Indeed. Couldn’t agree more. We democratically (well, semi-democratically, I guess, considering who got to vote) gave away buttloads of power to officials with no direct accountability to the voters. You’re simply trying to take it back because you’d rather it hadn’t been given away in the first place. Get cracking on that constitutional amendment, I guess.
Not really, given the extremely limited government that prevailed throughout the 19th century, plus the U.S. Army camped out on the steps of the Southern legislatures that were most enthusiastic about denying due process and equal protection. If substantive due process was really all that wacko-bizarro-antitextual claptrap you claim it to be, you’d think the courts would have had a hard time swallowing it when the argument was first presented to them. Instead, they pretty much shrugged their shoulders and said “Of course it’s ends as well as means.”
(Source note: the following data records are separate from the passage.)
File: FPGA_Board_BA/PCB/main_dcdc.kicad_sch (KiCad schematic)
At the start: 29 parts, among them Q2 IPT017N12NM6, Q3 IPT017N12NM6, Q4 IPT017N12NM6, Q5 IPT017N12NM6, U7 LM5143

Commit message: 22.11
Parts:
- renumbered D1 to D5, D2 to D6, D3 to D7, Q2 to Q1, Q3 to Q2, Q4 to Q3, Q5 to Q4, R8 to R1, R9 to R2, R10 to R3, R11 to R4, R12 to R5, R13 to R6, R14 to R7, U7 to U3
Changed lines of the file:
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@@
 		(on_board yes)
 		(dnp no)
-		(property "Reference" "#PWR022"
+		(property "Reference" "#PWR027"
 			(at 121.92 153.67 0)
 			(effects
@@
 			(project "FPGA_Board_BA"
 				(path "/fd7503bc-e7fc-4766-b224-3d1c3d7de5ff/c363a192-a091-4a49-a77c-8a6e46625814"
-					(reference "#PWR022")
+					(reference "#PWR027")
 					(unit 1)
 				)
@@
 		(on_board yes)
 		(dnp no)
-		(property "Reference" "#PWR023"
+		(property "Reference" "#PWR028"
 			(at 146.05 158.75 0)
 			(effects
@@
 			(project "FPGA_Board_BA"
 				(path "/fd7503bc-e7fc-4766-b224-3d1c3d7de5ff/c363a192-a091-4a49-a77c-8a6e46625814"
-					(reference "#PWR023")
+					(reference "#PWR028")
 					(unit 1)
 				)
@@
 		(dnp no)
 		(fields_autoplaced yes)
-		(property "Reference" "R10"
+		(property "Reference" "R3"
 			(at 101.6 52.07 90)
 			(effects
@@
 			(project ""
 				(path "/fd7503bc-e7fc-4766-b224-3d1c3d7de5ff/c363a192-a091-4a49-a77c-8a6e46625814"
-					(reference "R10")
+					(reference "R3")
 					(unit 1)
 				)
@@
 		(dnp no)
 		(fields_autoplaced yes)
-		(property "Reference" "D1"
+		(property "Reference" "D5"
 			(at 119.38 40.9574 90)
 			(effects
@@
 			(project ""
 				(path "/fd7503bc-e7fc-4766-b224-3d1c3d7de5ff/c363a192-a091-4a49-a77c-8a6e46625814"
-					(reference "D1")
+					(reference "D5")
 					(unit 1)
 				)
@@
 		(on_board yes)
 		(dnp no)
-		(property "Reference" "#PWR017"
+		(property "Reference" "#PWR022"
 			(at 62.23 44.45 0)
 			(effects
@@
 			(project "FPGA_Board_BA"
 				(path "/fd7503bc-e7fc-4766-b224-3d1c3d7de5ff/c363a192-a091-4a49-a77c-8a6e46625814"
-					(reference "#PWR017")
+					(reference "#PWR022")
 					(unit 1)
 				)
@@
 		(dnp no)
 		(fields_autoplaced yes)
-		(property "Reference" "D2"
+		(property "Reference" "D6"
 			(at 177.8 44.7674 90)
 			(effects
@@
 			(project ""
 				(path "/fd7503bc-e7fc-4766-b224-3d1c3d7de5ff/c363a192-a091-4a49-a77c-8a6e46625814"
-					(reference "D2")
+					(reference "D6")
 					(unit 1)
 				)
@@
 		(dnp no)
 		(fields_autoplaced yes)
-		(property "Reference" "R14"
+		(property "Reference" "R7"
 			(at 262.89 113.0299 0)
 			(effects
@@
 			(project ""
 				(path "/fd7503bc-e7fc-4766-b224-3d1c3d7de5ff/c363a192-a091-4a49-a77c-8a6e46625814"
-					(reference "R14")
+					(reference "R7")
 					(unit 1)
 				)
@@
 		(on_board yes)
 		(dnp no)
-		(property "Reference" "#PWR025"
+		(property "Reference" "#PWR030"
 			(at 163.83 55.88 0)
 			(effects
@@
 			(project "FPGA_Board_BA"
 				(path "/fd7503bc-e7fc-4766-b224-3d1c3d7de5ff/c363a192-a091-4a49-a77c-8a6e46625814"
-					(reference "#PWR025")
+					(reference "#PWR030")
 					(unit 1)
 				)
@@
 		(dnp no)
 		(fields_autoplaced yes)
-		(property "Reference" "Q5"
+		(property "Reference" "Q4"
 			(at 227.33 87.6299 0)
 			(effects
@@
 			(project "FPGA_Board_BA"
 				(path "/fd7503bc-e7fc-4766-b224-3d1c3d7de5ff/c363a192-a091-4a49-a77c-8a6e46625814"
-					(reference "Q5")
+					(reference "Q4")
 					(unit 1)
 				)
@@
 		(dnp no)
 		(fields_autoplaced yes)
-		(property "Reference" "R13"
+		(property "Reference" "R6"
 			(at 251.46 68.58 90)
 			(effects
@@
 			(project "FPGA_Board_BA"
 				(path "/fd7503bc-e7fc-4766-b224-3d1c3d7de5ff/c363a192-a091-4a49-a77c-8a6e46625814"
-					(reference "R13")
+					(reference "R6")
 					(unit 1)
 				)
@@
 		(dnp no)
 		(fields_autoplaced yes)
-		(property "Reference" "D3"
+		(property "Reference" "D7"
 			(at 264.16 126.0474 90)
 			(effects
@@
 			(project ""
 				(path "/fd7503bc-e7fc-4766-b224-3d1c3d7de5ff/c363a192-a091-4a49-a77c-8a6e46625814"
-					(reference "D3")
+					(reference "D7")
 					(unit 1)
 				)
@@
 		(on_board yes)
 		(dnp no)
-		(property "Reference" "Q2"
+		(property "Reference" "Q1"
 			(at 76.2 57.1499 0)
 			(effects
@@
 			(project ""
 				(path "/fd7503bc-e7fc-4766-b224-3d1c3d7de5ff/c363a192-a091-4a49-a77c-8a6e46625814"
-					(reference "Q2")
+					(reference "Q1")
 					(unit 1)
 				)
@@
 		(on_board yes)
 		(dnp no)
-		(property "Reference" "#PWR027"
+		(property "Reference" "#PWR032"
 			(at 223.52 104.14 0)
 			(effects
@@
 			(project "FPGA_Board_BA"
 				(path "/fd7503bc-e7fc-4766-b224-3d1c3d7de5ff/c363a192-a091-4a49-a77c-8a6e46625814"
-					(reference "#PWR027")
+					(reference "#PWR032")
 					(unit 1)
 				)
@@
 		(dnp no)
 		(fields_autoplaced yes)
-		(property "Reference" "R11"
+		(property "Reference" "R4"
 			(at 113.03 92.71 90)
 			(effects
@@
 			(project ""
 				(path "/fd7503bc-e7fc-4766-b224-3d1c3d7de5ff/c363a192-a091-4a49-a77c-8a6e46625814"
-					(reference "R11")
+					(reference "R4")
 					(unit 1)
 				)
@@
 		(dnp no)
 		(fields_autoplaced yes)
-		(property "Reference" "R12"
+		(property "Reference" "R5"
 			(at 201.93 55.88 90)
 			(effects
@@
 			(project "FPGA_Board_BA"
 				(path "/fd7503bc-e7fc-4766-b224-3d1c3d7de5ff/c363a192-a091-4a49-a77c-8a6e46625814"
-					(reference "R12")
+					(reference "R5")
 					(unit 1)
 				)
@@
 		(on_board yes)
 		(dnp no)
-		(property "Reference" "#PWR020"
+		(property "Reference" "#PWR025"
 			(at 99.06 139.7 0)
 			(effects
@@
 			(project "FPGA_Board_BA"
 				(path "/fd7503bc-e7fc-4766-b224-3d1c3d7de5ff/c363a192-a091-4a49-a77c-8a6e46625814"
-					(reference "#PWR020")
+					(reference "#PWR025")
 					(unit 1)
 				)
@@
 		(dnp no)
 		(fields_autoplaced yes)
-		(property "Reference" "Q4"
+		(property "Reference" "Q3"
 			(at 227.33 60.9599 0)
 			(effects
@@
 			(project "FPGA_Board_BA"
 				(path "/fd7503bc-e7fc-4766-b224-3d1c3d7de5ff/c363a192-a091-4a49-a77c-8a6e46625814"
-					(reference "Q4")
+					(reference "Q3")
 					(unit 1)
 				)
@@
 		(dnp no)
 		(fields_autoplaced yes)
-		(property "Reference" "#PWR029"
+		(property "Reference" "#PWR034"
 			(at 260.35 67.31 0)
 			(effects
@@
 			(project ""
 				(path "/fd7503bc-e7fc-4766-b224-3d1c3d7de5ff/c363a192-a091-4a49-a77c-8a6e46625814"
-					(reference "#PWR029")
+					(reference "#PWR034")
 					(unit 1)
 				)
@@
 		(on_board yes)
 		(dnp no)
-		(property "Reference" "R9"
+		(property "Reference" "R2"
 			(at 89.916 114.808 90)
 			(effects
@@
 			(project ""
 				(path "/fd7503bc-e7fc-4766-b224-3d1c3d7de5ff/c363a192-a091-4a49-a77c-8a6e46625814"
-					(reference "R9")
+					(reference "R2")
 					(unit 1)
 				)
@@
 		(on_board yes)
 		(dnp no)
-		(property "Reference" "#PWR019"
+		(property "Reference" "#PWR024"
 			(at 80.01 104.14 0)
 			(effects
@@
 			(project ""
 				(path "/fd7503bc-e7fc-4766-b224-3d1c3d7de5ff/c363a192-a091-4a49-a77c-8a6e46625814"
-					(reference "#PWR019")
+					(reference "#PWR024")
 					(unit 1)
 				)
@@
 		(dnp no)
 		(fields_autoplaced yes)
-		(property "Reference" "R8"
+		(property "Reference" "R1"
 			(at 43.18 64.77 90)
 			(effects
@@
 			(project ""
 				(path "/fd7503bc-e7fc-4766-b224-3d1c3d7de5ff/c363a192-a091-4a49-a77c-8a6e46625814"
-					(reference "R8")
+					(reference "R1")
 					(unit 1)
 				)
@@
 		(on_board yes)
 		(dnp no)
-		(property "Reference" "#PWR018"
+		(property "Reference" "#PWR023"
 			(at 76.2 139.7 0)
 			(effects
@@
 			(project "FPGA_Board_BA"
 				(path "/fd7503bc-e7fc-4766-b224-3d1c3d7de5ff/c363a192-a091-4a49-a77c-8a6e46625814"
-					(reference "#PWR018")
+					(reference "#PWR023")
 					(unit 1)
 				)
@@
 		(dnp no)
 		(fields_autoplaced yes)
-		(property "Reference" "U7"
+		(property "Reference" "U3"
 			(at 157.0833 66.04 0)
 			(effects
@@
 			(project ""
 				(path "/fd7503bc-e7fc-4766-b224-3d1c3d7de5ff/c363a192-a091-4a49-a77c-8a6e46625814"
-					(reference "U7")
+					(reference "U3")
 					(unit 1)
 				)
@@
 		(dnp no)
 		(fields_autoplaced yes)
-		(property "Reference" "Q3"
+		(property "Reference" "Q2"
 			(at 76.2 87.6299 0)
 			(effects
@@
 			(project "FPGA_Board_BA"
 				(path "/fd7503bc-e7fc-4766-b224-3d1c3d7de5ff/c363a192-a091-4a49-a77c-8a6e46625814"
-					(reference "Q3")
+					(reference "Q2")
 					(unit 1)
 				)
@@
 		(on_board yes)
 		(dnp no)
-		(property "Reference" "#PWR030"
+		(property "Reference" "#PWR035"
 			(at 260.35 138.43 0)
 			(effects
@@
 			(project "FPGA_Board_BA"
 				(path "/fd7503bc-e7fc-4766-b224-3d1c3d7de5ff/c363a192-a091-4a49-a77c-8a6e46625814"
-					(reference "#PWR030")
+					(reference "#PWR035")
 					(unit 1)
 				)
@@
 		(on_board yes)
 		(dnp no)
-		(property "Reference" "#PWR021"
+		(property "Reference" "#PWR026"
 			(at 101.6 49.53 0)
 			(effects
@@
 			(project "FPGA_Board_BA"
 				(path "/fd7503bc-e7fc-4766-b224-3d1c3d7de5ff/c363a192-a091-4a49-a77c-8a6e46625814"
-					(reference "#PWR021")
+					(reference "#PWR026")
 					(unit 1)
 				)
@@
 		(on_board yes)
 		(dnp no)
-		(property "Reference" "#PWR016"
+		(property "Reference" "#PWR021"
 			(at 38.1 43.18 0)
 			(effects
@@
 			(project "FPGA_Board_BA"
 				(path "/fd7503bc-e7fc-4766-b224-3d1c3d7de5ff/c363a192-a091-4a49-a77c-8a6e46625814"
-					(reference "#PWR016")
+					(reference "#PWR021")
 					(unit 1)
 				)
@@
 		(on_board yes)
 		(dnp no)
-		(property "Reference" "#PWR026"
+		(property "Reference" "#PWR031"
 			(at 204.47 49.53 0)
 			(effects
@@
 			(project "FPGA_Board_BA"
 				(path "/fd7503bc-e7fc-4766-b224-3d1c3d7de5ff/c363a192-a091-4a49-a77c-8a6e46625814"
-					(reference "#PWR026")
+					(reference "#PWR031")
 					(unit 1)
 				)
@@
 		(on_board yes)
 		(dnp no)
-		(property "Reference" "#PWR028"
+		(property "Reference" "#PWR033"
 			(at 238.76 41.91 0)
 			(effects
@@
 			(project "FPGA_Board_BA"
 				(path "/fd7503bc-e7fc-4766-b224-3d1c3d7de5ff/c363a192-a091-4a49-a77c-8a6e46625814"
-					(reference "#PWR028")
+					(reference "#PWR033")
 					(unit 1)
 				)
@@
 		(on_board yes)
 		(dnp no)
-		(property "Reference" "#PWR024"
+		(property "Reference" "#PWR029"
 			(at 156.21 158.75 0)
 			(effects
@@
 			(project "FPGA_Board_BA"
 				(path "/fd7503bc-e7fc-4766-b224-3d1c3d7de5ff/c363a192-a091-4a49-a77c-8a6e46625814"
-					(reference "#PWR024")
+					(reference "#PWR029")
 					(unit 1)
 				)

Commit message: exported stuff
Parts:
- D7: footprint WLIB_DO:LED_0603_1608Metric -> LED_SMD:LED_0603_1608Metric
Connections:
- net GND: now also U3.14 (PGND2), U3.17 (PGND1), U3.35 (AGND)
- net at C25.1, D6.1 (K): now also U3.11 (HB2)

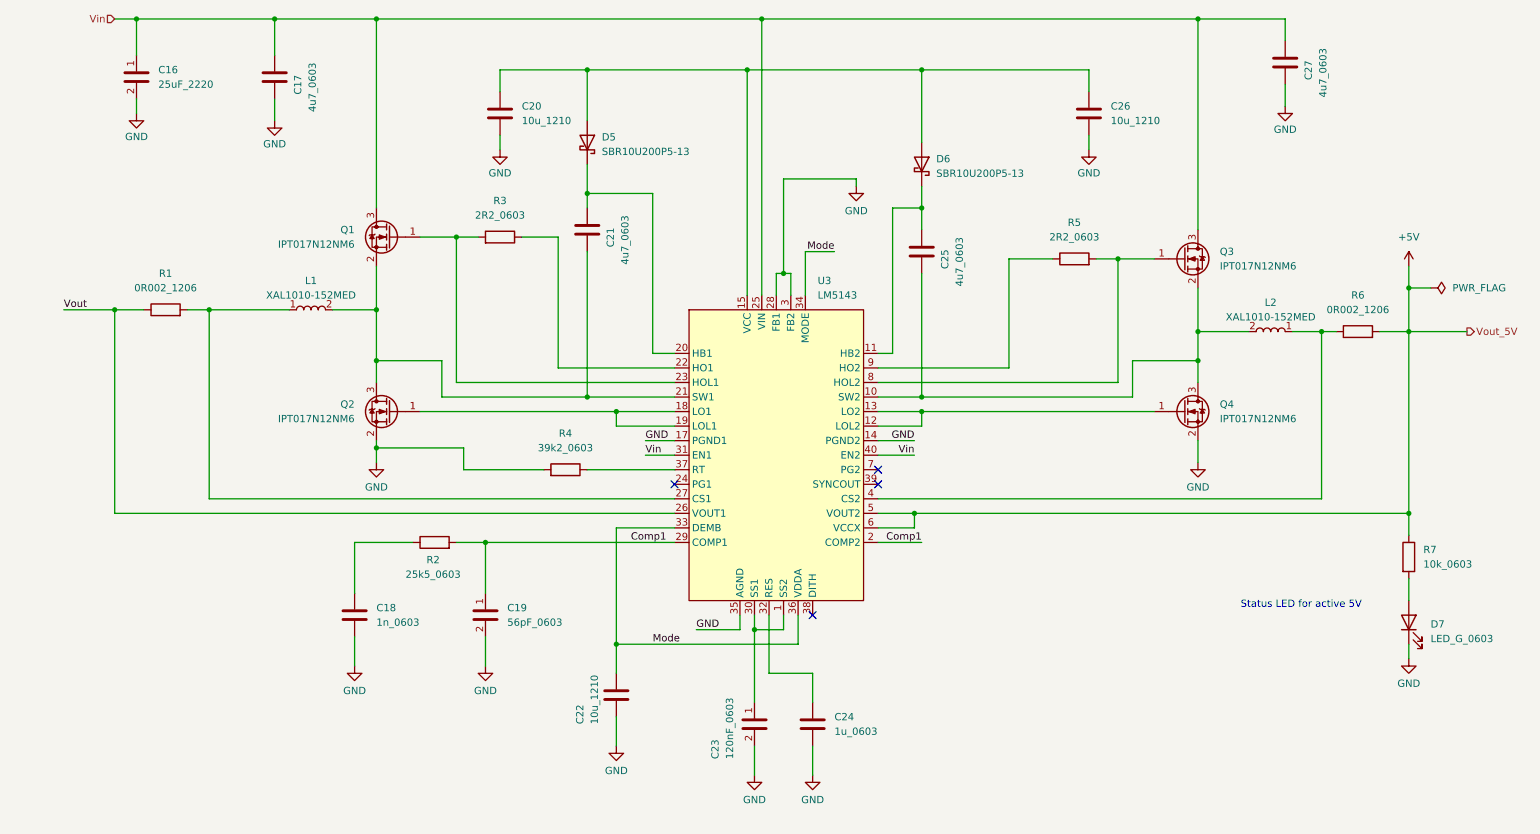
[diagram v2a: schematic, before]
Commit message: placement of Power DCDC and Buffers ready
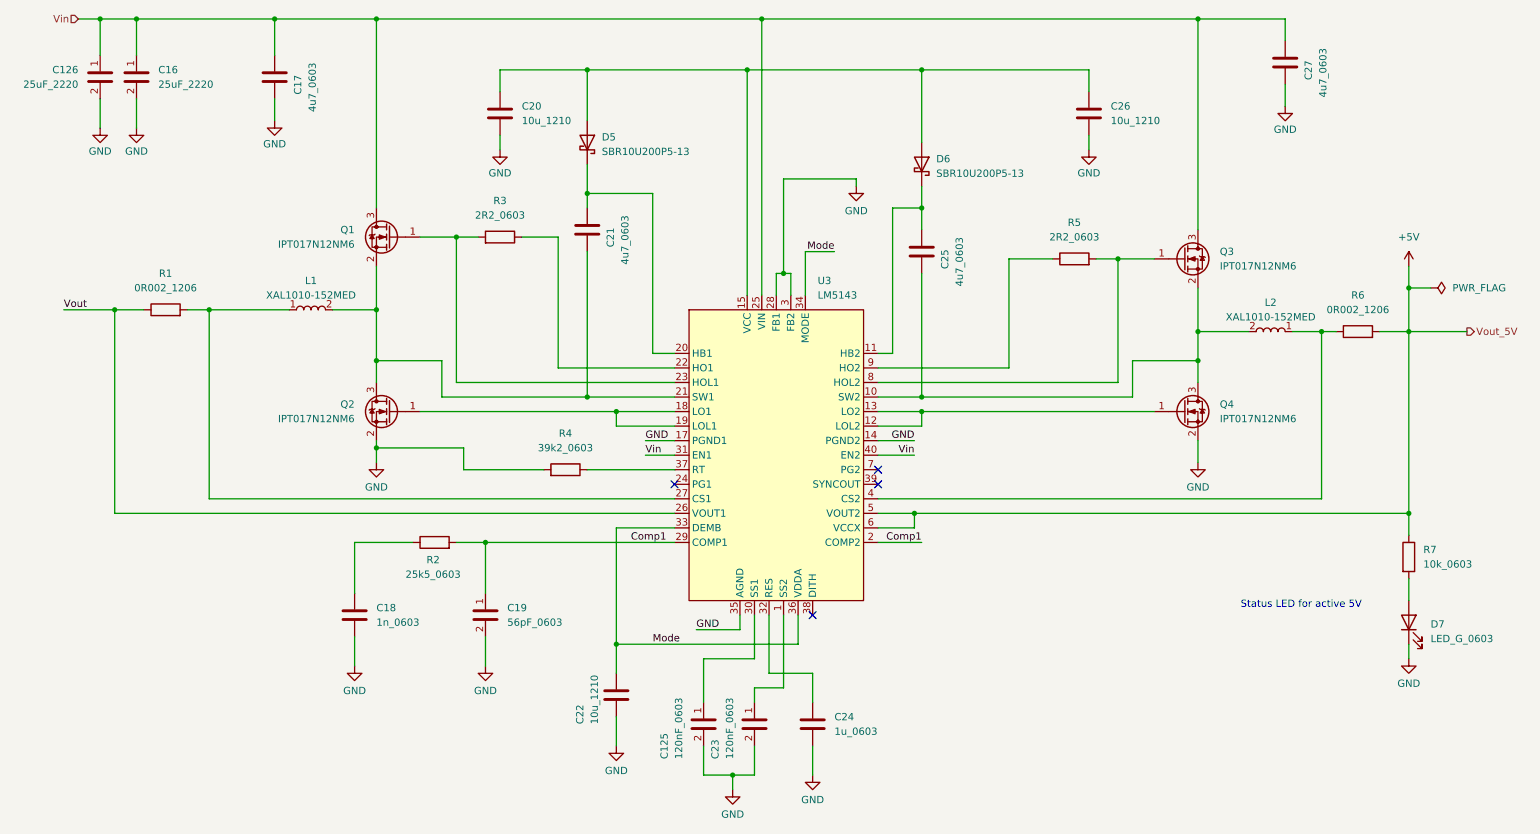
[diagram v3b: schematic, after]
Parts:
- added C125: 120nF_0603, Capacitor_SMD:C_0603_1608Metric_Pad1.08x0.95mm_HandSolder, symbol MYLIB_Misc:120nF_0603
- added C126: 25uF_2220, Capacitor_SMD:C_2220_5650Metric_Pad1.97x5.40mm_HandSolder, symbol MYLIB_Misc:15uF_2220
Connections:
- net GND: now also C125.2, C126.2
- net Vin: now also C126.1
- net at C23.1, U3.1 (SS2): no longer U3.30 (SS1)
- new net: C125.1, U3.30 (SS1)

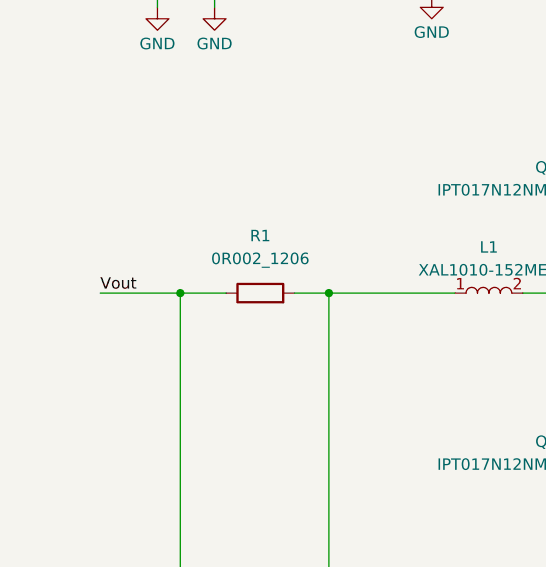
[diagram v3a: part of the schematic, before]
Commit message: layout of islands is ready
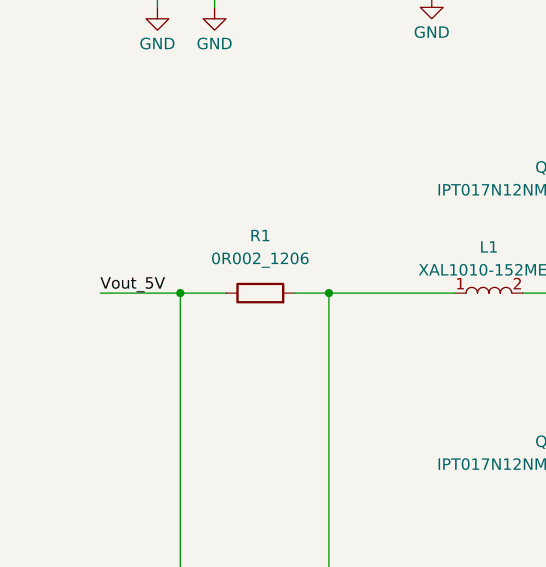
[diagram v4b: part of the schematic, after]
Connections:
- net Vout is gone; now on net +5V: R1.1, U3.26 (VOUT1)
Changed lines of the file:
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@@
 		)
 	)
-	(label "Vout"
+	(label "Vout_5V"
 		(at 25.4 71.12 0)
 		(effects

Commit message: Placement optimised
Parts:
- removed L1, L2: XAL1010-152MED, Inductor_SMD:L_Coilcraft_XAL1010-XXX, symbol MYLIB_Misc:XAL1010-152MED
- removed Q1, Q2, Q3, Q4: IPT017N12NM6, Package_TO_SOT_SMD:Infineon_PG-HSOF-8-1, symbol MYLIB_Misc:IPT017N12NM6
- removed R1, R6: 0R002_1206, Resistor_SMD:R_1206_3216Metric_Pad1.30x1.75mm_HandSolder, symbol MYLIB_Misc:0R002_1206
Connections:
- net Leg-2/R_I+: now reaches U3.4 (CS2)
- net Leg-2/SW: now reaches C25.2, U3.10 (SW2)
- net Leg-1/Gate_H: now reaches R3.1, U3.23 (HOL1)
- net Leg-2/Gate_L: now reaches U3.12 (LOL2), U3.13 (LO2)
- net Leg-1/SW: now reaches C21.2, U3.21 (SW1)
- net Leg-1/R_I+: now reaches U3.27 (CS1)
- net Leg-2/Gate_H: now reaches R5.1, U3.8 (HOL2)
- net Leg-1/Gate_L: now reaches U3.18 (LO1), U3.19 (LOL1)
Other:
- added sheet Leg-1 (leg_1.kicad_sch)
- added sheet Leg-2 (leg_1.kicad_sch)
- moved on the sheet: R4

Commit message: PCB left side almost finished + some optimization in schematics
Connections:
- net GND: now also U3.41 (Pad)
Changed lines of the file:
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@@
 	(wire
 		(pts
+			(xy 158.75 124.46) (xy 158.75 127)
+		)
+		(stroke
+			(width 0)
+			(type default)
+		)
+	)
+	(wire
+		(pts
 			(xy 151.13 64.77) (xy 152.4 64.77)
 		)
@@
 		(pin "17"
 		)
+		(pin "41"
+		)
 		(instances
 			(project ""
@@
 					(unit 1)
 				)
+			)
+		)
+	)
+	(symbol
+		(lib_id "power:GND")
+		(at 158.75 127 0)
+		(unit 1)
+		(exclude_from_sim no)
+		(in_bom yes)
+		(on_board yes)
+		(dnp no)
+		(property "Reference" "#PWR044"
+			(at 158.75 133.35 0)
+			(effects
+				(font
+					(size 1.27 1.27)
+				)
+				(hide yes)
+			)
+		)
+		(property "Value" "GND"
+			(at 158.75 131.318 0)
+			(effects
+				(font
+					(size 1.27 1.27)
+				)
+			)
+		)
+		(property "Footprint" ""
+			(at 158.75 127 0)
+			(effects
+				(font
+					(size 1.27 1.27)
+				)
+				(hide yes)
+			)
+		)
+		(property "Datasheet" ""
+			(at 158.75 127 0)
+			(effects
+				(font
+					(size 1.27 1.27)
+				)
+				(hide yes)
+			)
+		)
+		(property "Description" "Power symbol creates a global label with name \"GND\" , ground"
+			(at 158.75 127 0)
+			(effects
+				(font
+					(size 1.27 1.27)
+				)
+				(hide yes)
+			)
+		)
+		(pin "1"
+		)
+		(instances
+			(project "FPGA_Board_BA"
+				(path "/fd7503bc-e7fc-4766-b224-3d1c3d7de5ff/c363a192-a091-4a49-a77c-8a6e46625814"
+					(reference "#PWR044")
+					(unit 1)
+				)

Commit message: PCB ready to be ordered
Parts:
- added C177, C178: 25uF_2220, Capacitor_SMD:C_2220_5650Metric_Pad1.97x5.40mm_HandSolder, symbol MYLIB_Misc:15uF_2220
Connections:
- net GND: now also C177.2, C178.2
- net Vin: now also C177.1, C178.1
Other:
- moved on the sheet: C16, C17

Sure I have–I’ve endorsed the Supreme Court’s own forumaltion, that SDP protects rights and activities that are “fundamenal to our concept of ordered liberty.”
You’re very serious about ends, but you just don’t care enough to ever bother to rethink your favored means when the ends are truly evil? Pardon me if I don’t join you in your outcome-indifferent philosophy.
That strikes me as a pretty big abdication of one’s moral responsibility as a human being. Surely, you would concede that there are circumstances so extreme where “any means necessary”–in the original sense of the phrase, not your rather bizarre application of it to the basic principle of judicial review–become not just acceptable, but a moral imperative? C’mon, think Nazis and slavery and nasty stuff like that.
Entirely correct.
Entirely incorrect. Indeed, I’ve specifically noted that Justice Scalia is absolutely correct in his analysis that the Lawrence majority basically chucked standard due process analysis straight out the window. I’d have been much happier if they explicity analyzed the under the normal SDP tests, and I’m not at all sure why they did not. The consequence of that failure–and that ridiculously vague analysis–is likely to lead to an explosion of pointless litigation.
But to get back to your immediately preceding point, it ought to be pretty darned obvious that recognizing the potentially unlimited power of government is hardly an endorsement of any and every specific exercise of that power. There is, after all, a vast difference between can and should.
Welcome to the real world, amigo. It’s a scary place, where people you’ve never even met wield vast power, both actual and potential, over every detail of your life. You trust in the goodwill of Justice Scalia; I trust in the goodwill of Justice Kennedy. Life goes on, paying no heed to legal philosophy.